24. The device of claim 15, wherein:

the first audio signal is rendered in the first audio playback channel to a first loudspeaker and the second audio signal is rendered in the second playback channel to a second loudspeaker;

the first audio signal from the first audio playback channel is panned and mixed into the second audio playback channel to provide a first combined audio signal; and

the first combined audio signal from the second audio playback channel is panned and mixed into a third audio playback channel to provide a second combined audio signal rendered by a third loudspeaker.

25. The device of claim 14, wherein the first audio playback channel is a front-right loudspeaker channel, the second audio playback channel is a front-left loudspeaker channel, and the third audio playback channel is a rear-left loudspeaker channel.

26. The device of claim 24, wherein the second audio stream is provided via the first audio playback channel after the first audio signal has been sequentially panned to the third audio playback channel.

27. The device of claim 15, which comprises a digital signal processor to:

generate multi-channel surround sound audio comprising two front playback channels and at least two ambience playback channels;

upon occurrence of the event, fade out the audio from the two front playback channels;

increase the volume of the audio rendered via the ambience playback channels; and

render the second audio stream via a center playback channel.

28. The device of claim 15, which comprises a digital signal processor to virtualize a plurality of loudspeakers using Head-Related Transfer Functions (HRTFs).

29. The device of claim 15, wherein the at least part of the functionality of the audio rendering module, the monitoring module and the cross-fade module is performed by one or more processors.

30. An audio rendering device to process an event, the device comprising:

means for rendering a first audio stream via at least a first audio signal in a first audio playback channel and a second audio signal in a second audio playback channel;

means for monitoring occurrence of the event with an associated second audio stream;

means for panning the first audio signal to the second audio playback channel upon occurrence of the event, the first audio signal being mixed with the second audio signal in the second audio playback channel; and

means for rendering the second audio stream via the first audio playback channel.

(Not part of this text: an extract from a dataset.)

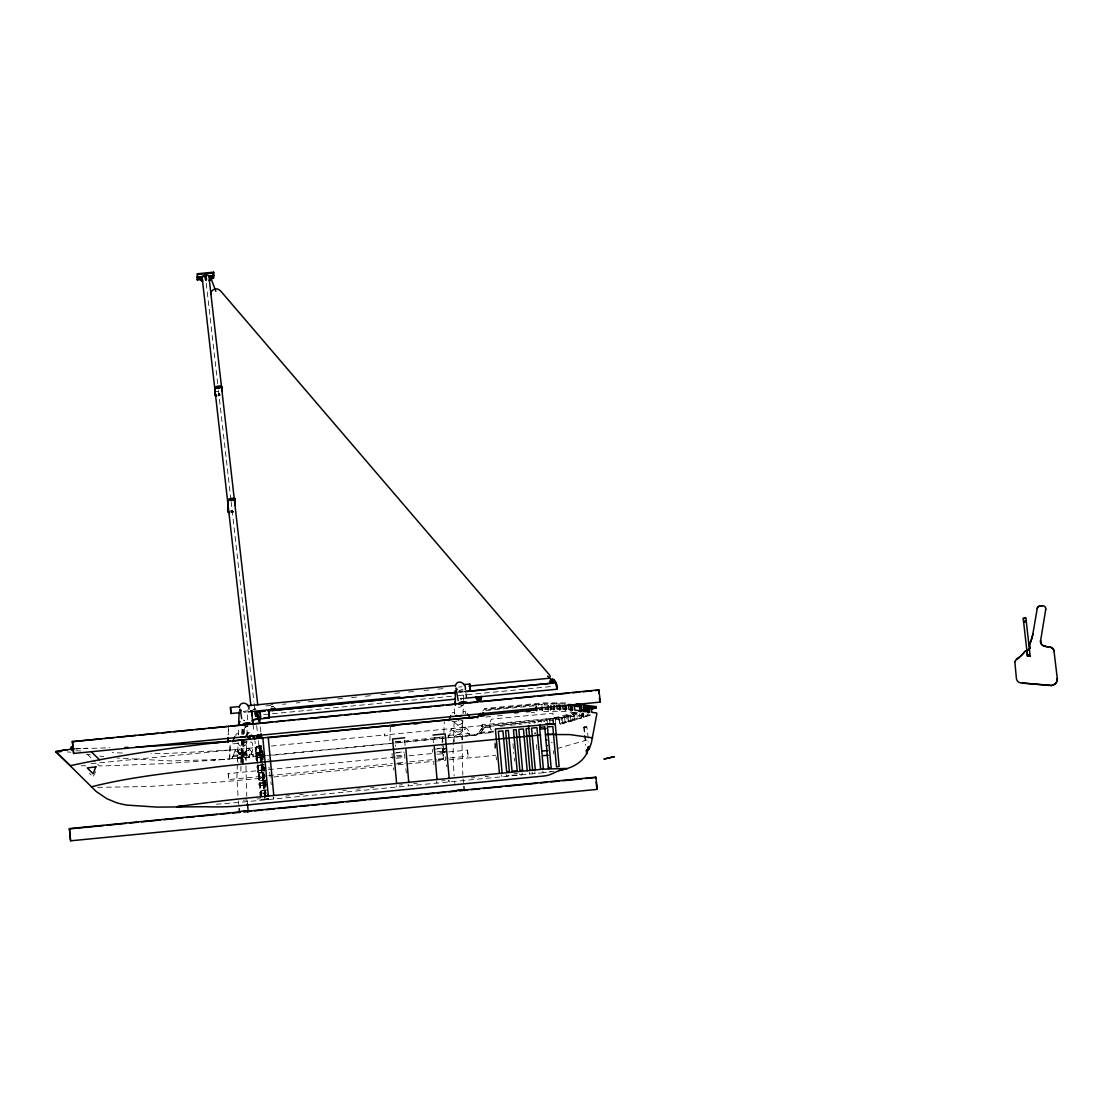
<?xml version="1.0" encoding="UTF-8"?>
<svg xmlns="http://www.w3.org/2000/svg" width="1113" height="1113" viewBox="0 0 1113 1113"><rect width="100%" height="100%" fill="white"/><g stroke="black" fill="none" stroke-linecap="round" stroke-linejoin="round"><path stroke-width="0.75" stroke-dasharray="5 3.75" d="M462.118 739.922L462.813 720.709M462.577 727.457L464.956 727.22L464.914 729.474L469.7 735.637L469.783 733.384C467.057 726.26 462.591 725.94 461.728 730.351M246.947 736.124L247.058 732.813L249.465 732.563L249.382 734.817M229.598 758.983L230.182 744.096L229.681 758.969L166.324 763.56L104.316 765.911L99.335 765.883L93.311 760.082M238.14 762.419C234.133 756.047 247.1 753.529 246.112 760.875L246.752 741.842A4.355 4.104 2 0 1 243.956 746.086L240.617 745.974A4.355 4.104 2 0 1 238.071 742.621L236.93 777.124L238.085 797.117M462.173 739.783C462.952 735.526 456.622 733.286 454.313 736.764M266.257 755.504L249.59 757.132L245.5 753.821L246.516 748.562L248.922 748.326L248.839 750.565C247.114 755.226 238.279 757.828 237.792 751.094M232.074 758.76L235.441 749.633L232.074 758.76L249.59 757.132L248.839 750.565L246.446 750.802L246.098 752.889M238.335 734.997L238.613 726.817M238.099 752.75L237.848 749.397L235.914 749.592M238.349 753.181L238.419 750.983M238.655 753.654L238.126 750.468M239.448 752.179L239.392 754.391C241.479 755.88 240.38 751.442 238.683 751.414M240.06 754.781L240.13 752.569M240.923 762.725L241.674 741.091M241.897 734.218L242.105 728.222L240.491 727.54M240.811 771.184L241.897 741.216M242.133 734.288L242.342 728.278L244.568 728.083L244.262 737.084M242.272 762.822L243.01 741.258M243.246 734.316L243.608 728.292L243.399 734.288M242.384 764.297L243.163 741.23M243.344 764.088L244.123 740.896M244.22 754.767L244.29 752.541M244.679 754.544L246.168 750.663M244.777 754.447L244.86 752.221M245.041 754.211L245.124 751.985M245.305 753.974L245.389 751.748M245.736 753.431L245.82 751.205M246.098 760.916L245.43 758.009M245.931 765.883L246.766 796.268M246.975 735.456L247.323 724.911M247.503 719.874L247.851 709.871M248.922 748.326L253.708 754.489L253.639 756.729L248.839 750.565M256.574 753.751L255.781 756.52L256.574 753.751A2.031 1.92 2 0 1 260.484 753.362L261.805 755.936L260.484 753.362M258.133 752.847L259.468 753.084M264.936 796.978L259.148 745.905L255.141 747.616L259.051 748.548L259.148 745.905L261.931 746.016M259.927 754.224L259.802 754.878A3.993 1.308 -6.5 0 1 255.865 753.974L256.032 759.497A4.535 1.489 -6.5 0 0 257.186 760.054M262.418 750.134L262.571 758.955M259.872 752.082A4.535 1.489 -6.5 0 0 255.489 753.626L255.461 754.405A4.535 1.489 -6.5 0 0 259.774 755.101L262.654 754.809L263.169 755.685M264.073 768.457L264.115 767.539M265.52 781.187L265.562 780.255L262.668 780.547A4.535 1.489 -6.5 0 1 258.355 779.851L258.383 779.072A4.535 1.489 -6.5 0 1 262.779 777.528L265.659 777.25M268.052 799.023L268.303 798.452A3.979 1.308 -6.5 0 1 263.837 799.496A3.979 1.308 -6.5 0 1 260.943 798.508M273.715 797.27L273.659 799.064L273.172 797.27M390.343 726.789L389.814 742.093L390.802 742.427M392.068 753.334L392.263 758.663M396.534 785.848L396.284 786.501M432.414 752.318L432.526 749.383M438.48 759.845L443.197 759.386L442.098 744.194M442.153 742.761L442.348 737.056L432.915 737.975L433.444 742.649M445.59 748.437L442.891 748.701L442.863 749.606L445.562 749.341M443.183 751.247L443.155 752.151L445.854 751.887M443.892 732.563L444.268 721.516M443.197 759.386L443.586 747.964L442.348 737.056M575.824 712.07L559.658 716.661L542.323 719.819L484.419 725.579L476.628 734.956L448.136 737.738L448.205 735.484L451.502 728.528L453.909 728.305L456.413 731.589M449.123 780.394L449.068 781.924L448.595 780.143M448.136 737.738L451.433 730.782L451.502 728.528M454.118 722.114L452.991 756.019L454.16 776.011M454.396 713.934L454.619 707.381M462.006 744.778L462.827 775.163M463.05 713.948L463.398 703.778M463.523 700.439L463.801 692.105M465.457 713.711L465.526 711.471L463.119 711.694L462.771 713.809M395.463 743.025L476.628 734.956L484.419 725.579M493.504 732.02L479.898 733.356L485.101 726.803L535.478 721.878L535.436 722.782L528.731 723.436M565.613 702.915L543.172 702.887L485.004 708.48L484.976 709.371L542.866 703.819L565.835 703.931M479.898 733.356L485.101 726.803M494.909 742.774L495.285 750.232M495.076 748.632L495.299 742.301M512.982 743.734L513.705 753.543M536.021 705.67L536.063 704.779L485.685 709.691L485.658 710.595L534.351 705.837M553.258 723.436L552.938 713.21L492.405 719.054C489.344 718.567 488.871 731.074 492.043 729.864M582.85 716.605L582.92 714.602L583.727 714.518L583.657 716.535L582.85 716.605L582.586 713.85L583.407 713.781L583.699 715.52M235.9 736.138L235.984 733.954L238.377 733.704L238.655 734.747M237.459 760.429L237.5 759.553M462.744 722.949L461.728 728.208M257.256 753.807L257.451 755.045M395.31 757.118L228.193 773.605L228.833 779.545L266.995 775.817M262.751 756.033L262.863 757.188L262.724 755.88M264.31 769.946L263.864 766.537M467.543 750.106L468.114 756.172L467.543 750.106L437.604 752.986M583.56 713.823L582.809 715.047L582.725 713.558M583.017 713.725L583.212 715.005L583.156 713.864M240.38 753.626L240.533 752.764M538.581 705.447L538.748 704.529L541.961 704.279L542.546 709.371M541.794 705.183L541.961 704.279M482.541 726.803C480.148 724.187 483.765 724.925 481.164 725.773L482.513 725.412L481.192 725.3L482.541 726.803L482.416 724.827L592.046 714.713L557.641 724.925M453.867 737.446L454.341 741.536M462.785 721.78L461.895 723.7M265.089 797.506L259.566 746.058L265.534 797.451M218.371 393.487L219.651 393.696L218.329 394.378M230.989 510.297L232.673 510.575L231.003 511.549M232.673 510.575L232.561 511.577L231.045 511.938M443.753 736.82L394.572 742.079M95.704 771.615L92.991 777.027L89.485 773.312M481.859 725.648L387.38 734.705M237.876 758.44L238.419 757.619M462.73 705.35L460.699 706.95A4.369 4.118 2 0 1 457.332 706.88L457.137 706.769M259.802 754.739L258.327 755.574L257.312 754.475M463.161 689.142L459.224 690.505M482.792 710.901L485.004 708.48M246.112 735.818L249.465 732.563M461.478 730.615L459.822 731.714A4.369 4.118 2 0 1 456.483 731.631L456.455 731.617M451.433 730.782L453.84 730.545L456.316 733.829A4.369 4.118 2 0 0 459.739 733.968L462.159 731.811L462.507 729.697L464.914 729.474M461.867 723.714L457.819 725.189M245.528 727.596L246.891 726.093L244.596 728.069M244.777 752.291L240.422 752.736M219.692 394.308L218.385 394.767M232.714 510.95L231.073 511.062M584.172 727.123L584.728 733.87M482.179 724.953L481.985 726.817L482.179 724.897M239.045 757.063L243.594 756.492M246.418 710.859L243.163 711.61M460.003 729.418L460.893 728.959M481.999 726.664L482.652 726.65M587.149 740.006L557.822 748.326M259.051 748.548L261.875 747.894M267.287 798.703L264.866 799.273A3.45 1.127 -6.5 0 1 261.917 798.981L254.919 740.882M584.2 726.956L586.941 727.081L588.638 741.898M584.673 726.914L583.713 727.387L584.464 733.94M586.454 727.499L585.313 727.777M577.285 712.682L560.66 717.398L542.56 720.695L484.392 726.483M581.111 714.518L581.501 717.913L574.461 720.194L572.958 719.61L572.374 714.518L577.995 712.682M572.374 714.518L573.877 715.103L578.106 713.739M572.958 719.61L579.984 717.315L581.501 717.913M581.835 713.196L582.224 716.591L588.04 714.699M582.224 716.591L583.727 717.175L589.542 715.283M566.684 716.174L570.287 715.158L571.581 715.812L572.165 720.89L568.562 721.92L567.254 721.266L566.684 716.174L567.978 716.828L571.581 715.812M567.254 721.266L570.872 720.236L572.165 720.89M560.924 717.648L564.458 716.772L565.571 717.482L566.141 722.56L562.608 723.45L561.509 722.74L560.924 717.648L562.023 718.358L565.571 717.482M561.509 722.74L565.042 721.864L566.141 722.56M261.04 748.186L259.552 748.479M585.661 727.638L586.676 727.095M271.836 706.755L273.395 706.797M555.749 724.02L555.178 718.928L558.643 718.191L560.103 724.034L557.794 724.535M559.519 718.942L556.055 719.694L555.178 718.928M243.761 752.819L243.524 755.087L242.578 755.296L241.438 755.254L241.368 753M258.133 752.986L258.717 755.449M259.037 755.254L258.341 755.31M554.051 725.3L552.827 719.401L549.419 720.028L550.643 725.926M550.059 720.834L553.467 720.208M551.255 742.747L552.257 742.566M542.768 770.947L543.255 772.728L551.046 771.629M547.039 720.417L543.659 720.918L544.034 721.767L547.415 721.266L547.039 720.417L547.61 725.509M553.898 771.337L548.361 772.088L547.902 770.363M218.426 395.143L219.748 394.183L218.412 393.863M231.031 510.686L232.673 510.839M552.716 718.553L583.615 714.963M272.838 755.226L393.724 743.206M215.129 391.679L218.551 391.345M265.868 705.934L272.198 705.322L272.351 706.644M282.549 704.306L285.999 703.973M296.364 702.957L299.814 702.623M308.44 701.774L315.341 701.107M322.241 700.425L329.142 699.757M337.768 698.908L342.957 698.408M351.583 697.573L356.758 697.058M365.384 696.223L372.285 695.542M380.91 694.707L386.1 694.192M394.725 693.357L399.901 692.843M408.527 692.008L413.702 691.493M424.053 690.491L429.242 689.977M437.868 689.142L443.044 688.627M458.57 687.111L462.02 686.777M243.844 712.264L246.738 711.986M458.473 691.312L462.813 690.881M459.766 692.022L463.203 691.674M458.375 692.342L463.537 691.827M263.698 714.616L451.488 696.279M458.375 695.597L553.133 686.345M460.226 698.686L465.387 698.185M460.448 698.853L463.898 698.519M452.045 712.779L454.452 712.543L454.772 713.683M485.658 717.022L490.736 716.535M497.483 715.868L505.928 715.047M531.277 712.57L534.657 712.237M242.648 742.107L247.072 741.675M452.031 721.655L462.535 720.626M232.951 743.832L250.717 742.093C254.084 740.799 253.068 754.725 250.3 754.044L229.793 755.602M91.085 763.643L259.106 747.226M271.349 746.03L384.695 734.97M485.073 727.693L493.462 726.872M500.182 726.219L508.571 725.398M510.255 725.231L522.011 724.09M263.294 751.929L259.872 752.263A3.993 1.308 -6.5 0 0 255.865 753.974M232.144 756.59L253.708 754.489M448.205 735.484L469.783 733.384M479.926 732.451L493.532 731.116M259.774 754.92L263.211 754.586M476.656 734.051L493.56 732.41M255.795 756.256L261.805 755.671M446.41 737.905L267.607 755.365L268.136 759.859M263.336 756.896L260.456 757.174A4.535 1.489 -6.5 0 0 256.06 758.718L256.435 759.066M263.878 757.021L260.456 757.355A3.993 1.308 -6.5 0 0 256.755 758.537A3.993 1.308 -6.5 0 0 257.576 759.887M264.212 764.534L261.332 764.812A4.535 1.489 -6.5 0 0 260.164 764.979M396.409 752.583L402.697 751.957M437.298 748.576L443.586 747.964M394.767 753.07L404.2 752.151M434.098 749.23L441.958 748.465M442.877 749.16L445.576 748.896M259.065 765.229A4.535 1.489 -6.5 0 0 256.936 766.356L256.908 767.135A4.535 1.489 -6.5 0 0 261.221 767.817L264.657 767.302M396.52 755.824L404.102 755.087M436.964 751.873L445.882 750.983M443.169 751.706L445.868 751.442M264.797 769.612L261.903 769.904A4.535 1.489 -6.5 0 0 257.52 771.434L257.493 772.213A4.535 1.489 -6.5 0 0 261.805 772.909L264.685 772.631M397.035 756.937L405.702 756.103M409.069 755.769L435.92 753.153M261.903 770.085A3.993 1.308 -6.5 0 0 257.896 771.796L257.312 766.704A3.993 1.308 -6.5 0 1 261.318 764.993M396.214 758.287L404.075 757.508M437.103 754.294L443.391 753.668L442.891 748.701M268.706 775.65L392.499 763.56M397.647 763.059L406.328 762.21M409.681 761.876L436.533 759.261M438.216 759.094L448.289 758.106M449.958 757.939L468.114 756.172M396.019 763.991L405.452 763.073M273.715 776.985L393.098 765.327L393.696 769.959M398.19 764.826L433.806 761.348M435.503 761.181L445.673 760.179L444.546 751.136M449.026 759.859L495.911 755.282M262.765 777.709A3.993 1.308 -6.5 0 0 258.759 779.42L258.939 784.943A4.535 1.489 -6.5 0 0 263.252 785.639L266.132 785.347L265.562 780.255M266.244 782.342L263.35 782.62A4.535 1.489 -6.5 0 0 258.967 784.164L259.343 784.512A3.993 1.308 -6.5 0 1 263.35 782.801M267.106 789.98L264.226 790.258A4.535 1.489 -6.5 0 0 259.83 791.802L260.261 797.311M264.212 790.439A3.993 1.308 -6.5 0 0 260.205 792.15L259.802 792.581A4.535 1.489 -6.5 0 0 264.129 793.263L267.009 792.985M243.371 800.233L246.766 799.899M256.992 798.897L260.525 798.939A4.535 1.489 -6.5 0 0 264.852 799.635L268.275 799.12M285.832 796.087L289.283 795.739M299.661 794.724L303.126 794.39M342.915 790.508L346.38 790.16M356.758 789.159L360.222 788.811M370.601 787.795L374.065 787.461M399.247 784.999L402.391 784.693M413.799 783.58L417.194 783.246M441.722 780.853L444.866 780.547M471.356 777.959L474.778 777.625M485.031 776.624L488.44 776.29M514.081 773.785L517.503 773.452M267.551 798.995L268.122 798.313L268.261 799.593M543.381 772.714L245.57 801.777A591.142 194.413 -6.5 0 1 216.492 804.212M249.549 757.132L213.682 760.318M235.372 751.832L237.765 751.609M229.932 750.079L171.054 753.278A855.382 806.842 2 0 1 150.881 753.487M74.307 748.938A155.097 142.45 -42.5 0 1 75.99 748.812L109.881 747.769M224.423 759.386L170.79 760.93L117.115 758.023M76.032 748.812L87.51 748.173M218.454 394.252L219.79 394.559L219.692 393.807M230.961 511.173L232.756 511.326M261.555 746.183L259.134 746.086A3.45 1.127 -6.5 0 0 256.157 746.948L256.115 748.089A3.45 1.127 -6.5 0 0 259.065 748.367M547.568 704.877L544.201 705.03L544.647 704.098L545.217 709.19M543.728 711.457L560.98 711.235L577.313 712.737M469.728 735.039L476.628 734.956M550.643 703.875L554.024 703.833M81.166 765.744L85.84 765.786M556.597 703.833L560.034 703.917M75.934 750.774L82.153 750.969M585.688 726.761L586.481 726.733M97.624 787.35L148.112 786.515L217.063 782.202A679.598 223.49 -6.5 0 0 252.261 779.072L264.866 777.848L263.572 767.427M67.392 751.957L67.462 751.957A155.097 138.457 39.9 0 1 70.829 752.207M99.767 756.089L103.718 756.59M86.202 754.127L90.334 754.767M584.645 727.693L583.713 727.387L584.367 727.638M457.805 725.189L454.313 722.212M243.733 720.167L244.818 720.487L243.705 720.167M258.327 755.449L257.465 754.767M460.852 699.367L461.617 699.813M456.372 729.279L456.553 729.377A4.369 4.118 2 0 0 459.892 729.474M239.518 749.925L240.311 750.371M560.103 724.034L558.643 718.191M87.301 754.294L92.115 758.927M228.221 773.438L228.833 779.545M582.614 713.767L582.809 715.047M535.172 773.521L534.685 771.726M532.473 773.785L531.986 771.991M529.774 774.05L529.287 772.255M511.771 775.218L517.016 775.065L516.613 773.493M509.072 775.483L506.512 776.081L506.109 774.523M502.005 776.763L501.518 774.968M436.936 783.107L436.449 781.326M408.624 785.875L408.137 784.095M582.753 714.894L582.892 715.603M522.011 772.965C523.847 775.274 518.686 775.775 519.312 773.229M265.715 782.509L265.617 781.326L265.729 782.119M514.317 758.176L514.693 760.958M446.285 764.826L446.508 766.523M405.842 768.777L406.398 772.951M270.862 781.952L271.238 784.735M265.464 782.481L266.035 786.654M553.3 750.746L553.704 753.835M496.12 756.826L496.523 759.915M433.694 762.475L434 764.826M536.953 749.564L536.341 744.611M270.264 777.319L268.97 766.899M541.363 722.128L541.252 721.238L538.024 721.6L538.136 722.49M258.355 752.305L258.578 754.183M583.351 713.781L583.727 717.175M582.934 712.39L583.226 714.922M584.909 735.498L585.841 743.637M584.645 735.582L585.758 745.404M579.595 713.92L579.984 717.315M573.877 715.103L574.461 720.194M570.287 715.158L570.872 720.236M567.978 716.828L568.562 721.92M564.458 716.772L565.042 721.864M562.023 718.358L562.608 723.45M552.827 719.401L553.217 722.796M405.132 745.418L404.603 740.743L395.157 741.661L395.699 746.336M404.381 753.71L404.923 758.384M260.247 726.859L260.818 731.867M262.821 751.873L263.183 755.059M262.626 752.597L263.016 755.991M262.654 754.809L263.238 759.901M262.32 752.972L263.211 760.833M265.409 780.116L266.104 786.279M262.07 752.889L262.849 759.678M263.614 766.467L264.393 773.243M265.172 780.032L265.743 785.124M260.845 746.072L265.673 788.491M260.776 748.047L265.798 792.164M260.011 746.044L265.896 796.936M260.025 748.228L265.548 797.451M206.239 283.259L217.689 383.762M218.468 390.58L230.92 499.918M231.114 501.643L253.917 701.774M254.112 703.43L254.863 710.024M256.658 725.759L257.409 732.368M258.341 740.632L264.671 797.576M264.713 798.174L264.852 799.454M259.774 755.101L260.359 760.179M261.221 767.817L261.805 772.909M262.668 780.547L263.252 785.639M257.437 758.885L256.087 747.004L257.799 763.309M258.216 765.661L261.889 797.896M257.993 765.007L261.277 793.847M253.013 724.187L253.959 732.535M255.141 747.616L256.964 763.643M260.79 797.242L257.312 766.704A3.993 1.308 -6.5 0 0 261.235 767.636M583.407 713.781L583.657 716.535M463.161 778.905L463.509 782.731M454.605 781.034L454.841 783.58M247.086 800.01L247.448 803.836M238.419 800.859L238.766 804.671M459.099 720.723A4.369 4.118 2 0 1 457.958 720.681M122.333 753.014A855.382 806.842 2 0 1 112.26 752.638M256.56 754.016A2.031 1.92 2 0 1 260.47 753.64M261.805 772.728A3.993 1.308 -6.5 0 1 257.896 771.796M262.682 780.366A3.993 1.308 -6.5 0 1 258.759 779.42M264.129 793.082A3.993 1.308 -6.5 0 1 260.205 792.15M263.252 785.458A3.993 1.308 -6.5 0 1 259.343 784.512M253.221 709.51A3.45 1.127 -6.5 0 1 255.823 709.134M252.957 709.384A3.979 1.308 -6.5 0 1 255.962 708.953M271.377 706.866A2.031 1.92 2 0 1 273.395 706.672M233.8 512.036A3.45 1.127 -6.5 0 1 231.365 512.606M233.716 511.27A3.45 1.127 -6.5 0 1 231.281 511.841M220.026 394.753A3.45 1.127 -6.5 0 1 218.315 395.073M220.11 395.518A3.45 1.127 -6.5 0 1 218.398 395.838M247.99 726.288A4.369 1.836 -6.8 0 1 244.693 726.413M462.925 705.35A4.369 1.836 -6.8 0 1 460.754 705.322M228.471 725.913L228.235 734.803L228.485 725.913M245.583 751.567L245.5 753.807L245.597 751.539M384.722 734.065L384.653 735.86L387.352 735.596L387.421 733.801L384.722 734.065M534.532 733.133L535.645 733.105L534.532 733.133"/><path stroke-width="1.5" d="M199.95 278.612L200.117 277.874M238.697 724.619L239.114 711.889M455.189 690.783L455.44 705.322M200.354 279.627L197.279 279.933L197.377 273.77L213.557 272.184L213.459 278.347L210.385 278.653M202.538 281.172L197.377 277.095L202.037 276.636L202.538 281.311L197.363 277.374C200.771 278.194 207.101 274.661 206.142 276.511M205.599 279.739L205.154 273.784L205.599 279.739L206.406 279.655L205.961 273.701L206.406 279.655M205.557 273.742L206.002 279.697M208.896 275.885L213.543 275.871L209.383 280.74L208.896 275.885L213.557 275.426L209.397 280.281M210.107 276.803L211.164 277.054M210.065 278.041L211.15 278.069L210.886 277.081M213.557 272.184L213.459 278.347M216.687 395.852A3.45 1.127 -6.5 0 1 215.018 395.032L215.157 387.547A3.45 1.127 -6.5 0 1 218.621 386.072A3.45 1.127 -6.5 0 1 222.002 386.879L221.974 391.011M221.89 390.246L222.002 386.879M227.984 511.799L228.276 499.82A3.45 1.127 -6.5 0 1 231.741 498.346A3.45 1.127 -6.5 0 1 235.121 499.153L235.219 499.918A3.45 1.127 -6.5 0 0 231.824 499.111A3.45 1.127 -6.5 0 0 228.36 500.586L227.984 511.799A3.45 1.127 -6.5 0 0 229.668 512.62M235.024 505.525L235.121 499.153M232.645 741.773L234.662 736.736M256.393 738.517L257.186 736.013A2.031 1.92 2 0 1 257.604 735.109M257.186 736.013L257.173 736.291A2.031 1.92 2 0 1 257.979 735.039M259.037 735.317L259.76 735.443M259.412 738.225L477.24 716.953L480.566 713.322M258.939 737.71L259.635 737.529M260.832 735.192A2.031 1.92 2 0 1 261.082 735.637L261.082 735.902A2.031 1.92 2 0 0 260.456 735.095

31. A machine-readable medium embodying instructions which, when executed by a machine, cause the machine to:

render a first audio stream via at least a first audio signal in a first audio playback channel and a second audio signal in a second audio playback channel;

monitor occurrence of an event with an associated second audio stream;

upon occurrence of the event, pan the first audio signal to the second audio playback channel, the first audio signal being mixed with the second audio signal in the second audio playback channel; and render the second audio stream via the first audio playback channel.